The nursing exemption in Michigan law has not been removed. There is current legislation that would do that, finally. Although it hasn't been voted on the last couple times it's been introduced, so I'm not holding my breath. It's blocking access to millions of dollars of federal funding for child restraints.

I would prefer that baby stores did one of two things, train their staff as CPST's (and we have some awesome local stores that have done just that!!) OR teach their staff to NOT answer questions but refer them to a list of local CPST's, and/or a national list of resources.

Parents do expect the advice of a sales person to at least be sort of accurate, and it's often wildly wrong. I here all kinds of stories from parents who were told crazy things, and then I have to go back and explain that they are not CPST's, they should not be offering that advice, etc. And here is what the real advice is...


----------



## UberMama (Feb 27, 2007)

I worked at Babies R Us a few years back. Even at our store, there were issues with associates telling customers the wrong information about car seat laws, what was safest, etc.

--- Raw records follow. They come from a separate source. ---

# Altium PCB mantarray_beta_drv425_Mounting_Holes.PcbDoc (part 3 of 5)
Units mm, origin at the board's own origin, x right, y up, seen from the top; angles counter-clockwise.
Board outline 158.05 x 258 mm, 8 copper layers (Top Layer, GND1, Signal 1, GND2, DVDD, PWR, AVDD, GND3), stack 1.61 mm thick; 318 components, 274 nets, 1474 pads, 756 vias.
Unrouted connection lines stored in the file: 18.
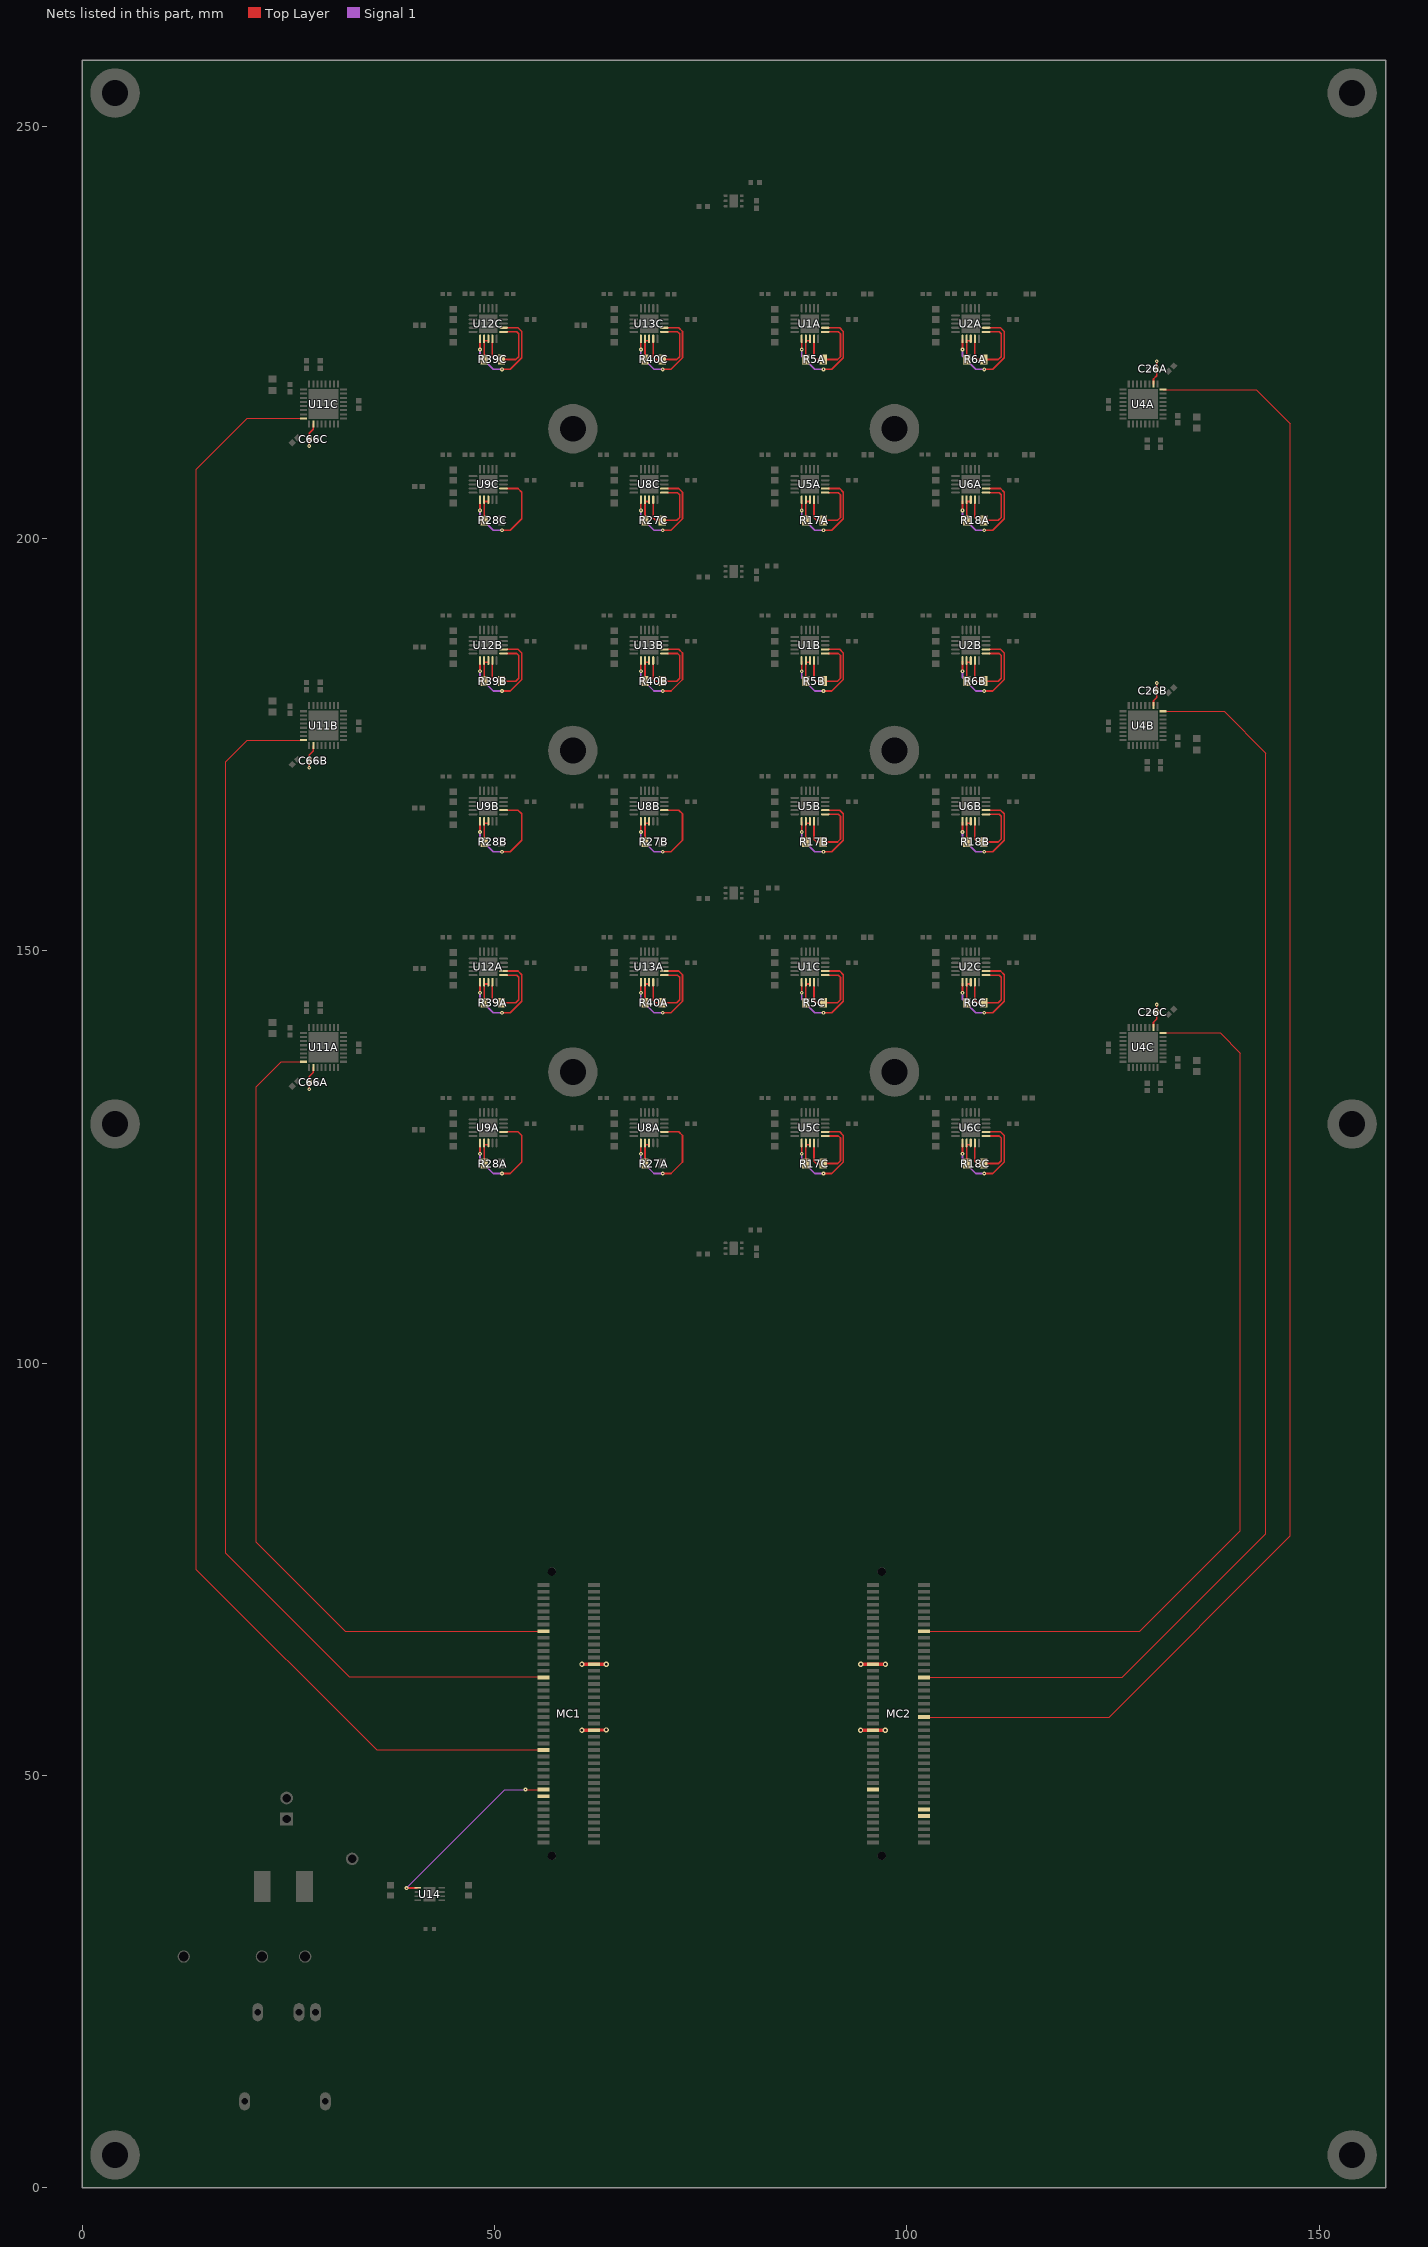
[diagram p9: the nets of this part, all layers, seen from the top]

## Via types
v1: diameter 0.508, hole 0.203, Top Layer to GND3, 292 vias
v2: diameter 0.457, hole 0.152, Top Layer to GND3, 266 vias
v3: diameter 0.5, hole 0.2, Top Layer to GND3, 106 vias
v4: diameter 0.55, hole 0.2, Top Layer to GND3, 54 vias
v5: diameter 0.635, hole 0.305, Top Layer to GND3, 30 vias
v6: diameter 1.524, hole 1.016, Top Layer to GND3, 6 vias
v7: diameter 1.8, hole 1.2, Top Layer to GND3, 2 vias

## Nets (pads, with @x,y where several pads share a name; then routed paths per layer and width w, separated by ;. In a path a pad name is that pad's centre, name@x,y a point inside that pad or via, vN(x,y) a via of type N, cw(c..) or ccw(c..) an arc to the next point about the centre after c; other vN are vias at no path point) (continued)
CMP1L_2C: R27C.1 U8C.14 U8C.16 | length 9.6
  Top Layer w0.203: U8C.14@69.25,204.3 69.25,202.5 69.55,202.2 R27C.1@70.35,202.2 72.1,202.2 72.45,202.55 72.45,205.3 72.2,205.55 U8C.16@71,205.55
CMP1L_4A: R39A.1 U12A.14 U12A.16 | length 9.6
  Top Layer w0.203: U12A.14@49.75,145.8 49.75,144 50.05,143.7 R39A.1@50.85,143.7 52.6,143.7 52.95,144.05 52.95,146.8 52.7,147.05 U12A.16@51.5,147.05
CMP1L_4B: R39B.1 U12B.14 U12B.16 | length 9.6
  Top Layer w0.203: U12B.14@49.75,184.8 49.75,183 50.05,182.7 R39B.1@50.85,182.7 52.6,182.7 52.95,183.05 52.95,185.8 52.7,186.05 U12B.16@51.5,186.05
CMP1L_4C: R39C.1 U12C.14 U12C.16 | length 9.6
  Top Layer w0.203: U12C.14@49.75,223.8 49.75,222 50.05,221.7 R39C.1@50.85,221.7 52.6,221.7 52.95,222.05 52.95,224.8 52.7,225.05 U12C.16@51.5,225.05
CMP1L_RA: R40A.1 U13A.14 U13A.16 | length 9.6
  Top Layer w0.203: U13A.14@69.25,145.8 69.25,144 69.55,143.7 R40A.1@70.35,143.7 72.1,143.7 72.45,144.05 72.45,146.8 72.2,147.05 U13A.16@71,147.05
CMP1L_RB: R40B.1 U13B.14 U13B.16 | length 9.6
  Top Layer w0.203: U13B.14@69.25,184.8 69.25,183 69.55,182.7 R40B.1@70.35,182.7 72.1,182.7 72.45,183.05 72.45,185.8 72.2,186.05 U13B.16@71,186.05
CMP1L_RC: R40C.1 U13C.14 U13C.16 | length 9.6
  Top Layer w0.203: U13C.14@69.25,223.8 69.25,222 69.55,221.7 R40C.1@70.35,221.7 72.1,221.7 72.45,222.05 72.45,224.8 72.2,225.05 U13C.16@71,225.05
CMP1R_1A: R6A.1 U2A.14 U2A.16 | length 9.6
  Top Layer w0.203: U2A.14@108.25,223.8 108.25,222 108.55,221.7 R6A.1@109.35,221.7 111.1,221.7 111.45,222.05 111.45,224.8 111.2,225.05 U2A.16@110,225.05
CMP1R_1B: R6B.1 U2B.14 U2B.16 | length 9.6
  Top Layer w0.203: U2B.14@108.25,184.8 108.25,183 108.55,182.7 R6B.1@109.35,182.7 111.1,182.7 111.45,183.05 111.45,185.8 111.2,186.05 U2B.16@110,186.05
CMP1R_1C: R6C.1 U2C.14 U2C.16 | length 9.6
  Top Layer w0.203: U2C.14@108.25,145.8 108.25,144 108.55,143.7 R6C.1@109.35,143.7 111.1,143.7 111.45,144.05 111.45,146.8 111.2,147.05 U2C.16@110,147.05
CMP1R_2A: R5A.1 U1A.14 U1A.16 | length 9.6
  Top Layer w0.203: U1A.14@88.75,223.8 88.75,222 89.05,221.7 R5A.1@89.85,221.7 91.6,221.7 91.95,222.05 91.95,224.8 91.7,225.05 U1A.16@90.5,225.05
CMP1R_2B: R5B.1 U1B.14 U1B.16 | length 9.6
  Top Layer w0.203: U1B.14@88.75,184.8 88.75,183 89.05,182.7 R5B.1@89.85,182.7 91.6,182.7 91.95,183.05 91.95,185.8 91.7,186.05 U1B.16@90.5,186.05
CMP1R_2C: R5C.1 U1C.14 U1C.16 | length 9.6
  Top Layer w0.203: U1C.14@88.75,145.8 88.75,144 89.05,143.7 R5C.1@89.85,143.7 91.6,143.7 91.95,144.05 91.95,146.8 91.7,147.05 U1C.16@90.5,147.05
CMP1R_3A: R18A.1 U6A.14 U6A.16 | length 9.6
  Top Layer w0.203: U6A.14@108.25,204.3 108.25,202.5 108.55,202.2 R18A.1@109.35,202.2 111.1,202.2 111.45,202.55 111.45,205.3 111.2,205.55 U6A.16@110,205.55
CMP1R_3B: R18B.1 U6B.14 U6B.16 | length 9.6
  Top Layer w0.203: U6B.14@108.25,165.3 108.25,163.5 108.55,163.2 R18B.1@109.35,163.2 111.1,163.2 111.45,163.55 111.45,166.3 111.2,166.55 U6B.16@110,166.55
CMP1R_3C: R18C.1 U6C.14 U6C.16 | length 9.6
  Top Layer w0.203: U6C.14@108.25,126.3 108.25,124.5 108.55,124.2 R18C.1@109.35,124.2 111.1,124.2 111.45,124.55 111.45,127.3 111.2,127.55 U6C.16@110,127.55
CMP1R_4A: R17A.1 U5A.14 U5A.16 | length 9.6
  Top Layer w0.203: U5A.14@88.75,204.3 88.75,202.5 89.05,202.2 R17A.1@89.85,202.2 91.6,202.2 91.95,202.55 91.95,205.3 91.7,205.55 U5A.16@90.5,205.55
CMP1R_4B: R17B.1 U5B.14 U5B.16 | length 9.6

I was in BRU recently and had to explain to a woman why her 18ish month old DD was not safe in a booster and it was against the law. The associate was showing her boosters and then I spoke up, so he began showing her the Nautilus and I spoke up again and he got mad and left.. her and I ended up talking and was grateful for the info I gave her. Sheesh. :/


----------



## vbactivist (Oct 4, 2006)

Quote:


Originally Posted by *ilovemyavery* 
The nursing exemption in Michigan law has not been removed.


----------



## rhiandmoi (Apr 28, 2006)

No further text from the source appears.